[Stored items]
◇ ◇ ◇

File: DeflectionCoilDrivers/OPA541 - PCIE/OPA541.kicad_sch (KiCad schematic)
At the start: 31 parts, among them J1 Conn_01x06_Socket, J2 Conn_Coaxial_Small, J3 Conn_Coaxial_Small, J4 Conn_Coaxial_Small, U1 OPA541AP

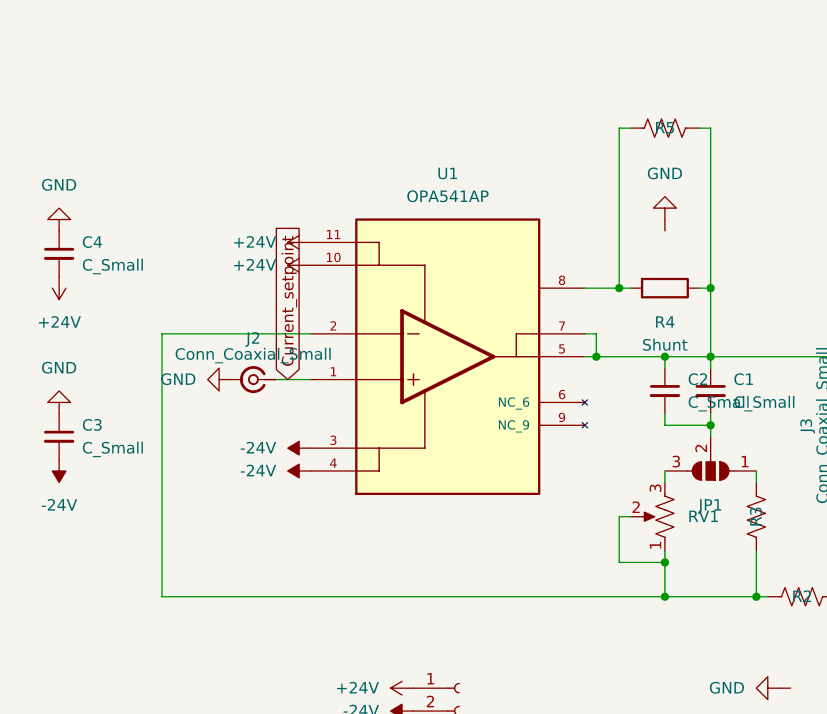
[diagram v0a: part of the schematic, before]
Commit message: opa541 footprint update
moved opa541 footprint from snapmatic to kicad and custom symbol
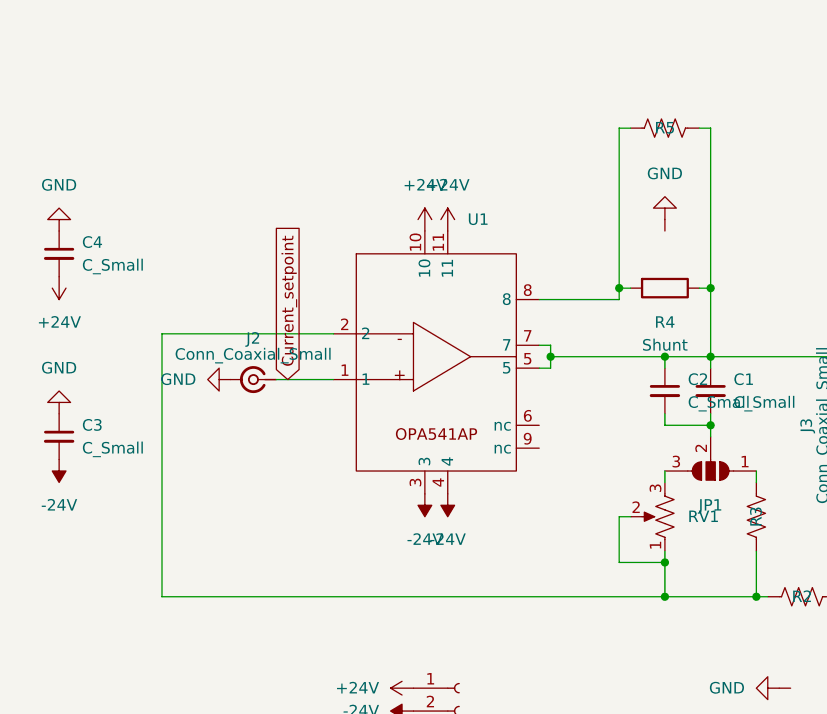
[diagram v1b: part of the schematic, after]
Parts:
- removed U1: OPA541AP, Library:TO170P2027X462X2456-11, symbol OPA541AP:OPA541AP
- added U1: ~, Package_TO_SOT_THT:TO-220-11_P3.4x5.08mm_StaggerOdd_Lead4.85mm_Vertical, symbol New_Library:OPA541
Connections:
- net +24V: now also U1.10, U1.11
- net -24V: now also U1.3, U1.4
- net Current_setpoint: now also U1.1
- net at C1.1, C2.1, J3.1 (In)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: now also U1.5, U1.7
- net at R2.1, R3.2, RV1.1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: now also U1.2
- net at R4.2, R5.1: now also U1.8

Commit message: minor changes
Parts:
- added R8: 1k, Capacitor_THT:C_Disc_D6.0mm_W2.5mm_P5.00mm, symbol Device:R_US
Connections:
- net at R2.1, R3.2, RV1.1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: now also R8.1
- net at J3.2 (Ext), J4.1 (In), R1.1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: now also R8.2
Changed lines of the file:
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@@
 (kicad_sch
-	(version 20231120)
+	(version 20250114)
 	(generator "eeschema")
-	(generator_version "8.0")
+	(generator_version "9.0")
 	(paper "A2")
 	(junction
@@
 	)
 	(junction
+		(at 227.33 173.99)
+		(diameter 0)
+		(color 0 0 0 0)
+	)
+	(junction
 		(at 194.31 143.51)
 		(diameter 0)
@@
 	(wire
 		(pts
+			(xy 218.44 173.99) (xy 217.17 173.99)
+		)
+		(stroke
+			(width 0)
+			(type default)
+		)
+	)
+	(wire
+		(pts
 			(xy 139.7 200.66) (xy 147.32 200.66)
 		)
@@
 	(wire
 		(pts
+			(xy 226.06 173.99) (xy 227.33 173.99)
+		)
+		(stroke
+			(width 0)
+			(type default)
+		)
+	)
+	(wire
+		(pts
 			(xy 144.78 203.2) (xy 147.32 203.2)
 		)
@@
 	(wire
 		(pts
+			(xy 217.17 173.99) (xy 217.17 170.18)
+		)
+		(stroke
+			(width 0)
+			(type default)
+		)
+	)
+	(wire
+		(pts
 			(xy 147.32 205.74) (xy 147.32 203.2)
 		)
@@
 	(wire
 		(pts
+			(xy 227.33 173.99) (xy 227.33 176.53)
+		)
+		(stroke
+			(width 0)
+			(type default)
+		)
+	)
+	(wire
+		(pts
 			(xy 227.33 184.15) (xy 227.33 186.69)
 		)
@@
 	(wire
 		(pts
-			(xy 227.33 170.18) (xy 227.33 176.53)
+			(xy 227.33 170.18) (xy 227.33 173.99)
 		)
 		(stroke
@@
 	)
 	(symbol
+		(lib_id "Device:R_US")
+		(at 222.25 173.99 90)
+		(unit 1)
+		(exclude_from_sim no)
+		(in_bom yes)
+		(on_board yes)
+		(dnp no)
+		(property "Reference" "R8"
+			(at 222.25 173.99 90)
+			(effects
+				(font
+					(size 1.27 1.27)
+				)
+			)
+		)
+		(property "Value" "1k"
+			(at 222.25 170.18 90)
+			(effects
+				(font
+					(size 1.27 1.27)
+				)
+				(hide yes)
+			)
+		)
+		(property "Footprint" "Capacitor_THT:C_Disc_D6.0mm_W2.5mm_P5.00mm"
+			(at 222.504 172.974 90)
+			(effects
+				(font
+					(size 1.27 1.27)
+				)
+				(hide yes)
+			)
+		)
+		(property "Datasheet" "CPF0603F100KC1"
+			(at 222.25 173.99 0)
+			(effects
+				(font
+					(size 1.27 1.27)
+				)
+				(hide yes)
+			)
+		)
+		(property "Description" ""
+			(at 222.25 173.99 0)
+			(effects
+				(font
+					(size 1.27 1.27)
+				)
+				(hide yes)
+			)
+		)
+		(pin "1"
+		)
+		(pin "2"
+		)
+		(instances
+			(project "OPA541"
+				(path "/4509510e-bfdb-428c-8f4b-2027be68d1bf"
+					(reference "R8")
+					(unit 1)
+				)
+			)
+		)
+	)
+	(symbol
 		(lib_id "Device:C_Small")
 		(at 207.01 147.32 0)
@@
 		)
 	)
+	(embedded_fonts no)
 )

◇ ◇ ◇

▶ _WORK REQUIRED_:
In the entries above, identify each line that includes the string "schematic", then copy it.

▶ _TASK ANSWER_:
File: DeflectionCoilDrivers/OPA541 - PCIE/OPA541.kicad_sch (KiCad schematic)
[diagram v0a: part of the schematic, before]
[diagram v1b: part of the schematic, after]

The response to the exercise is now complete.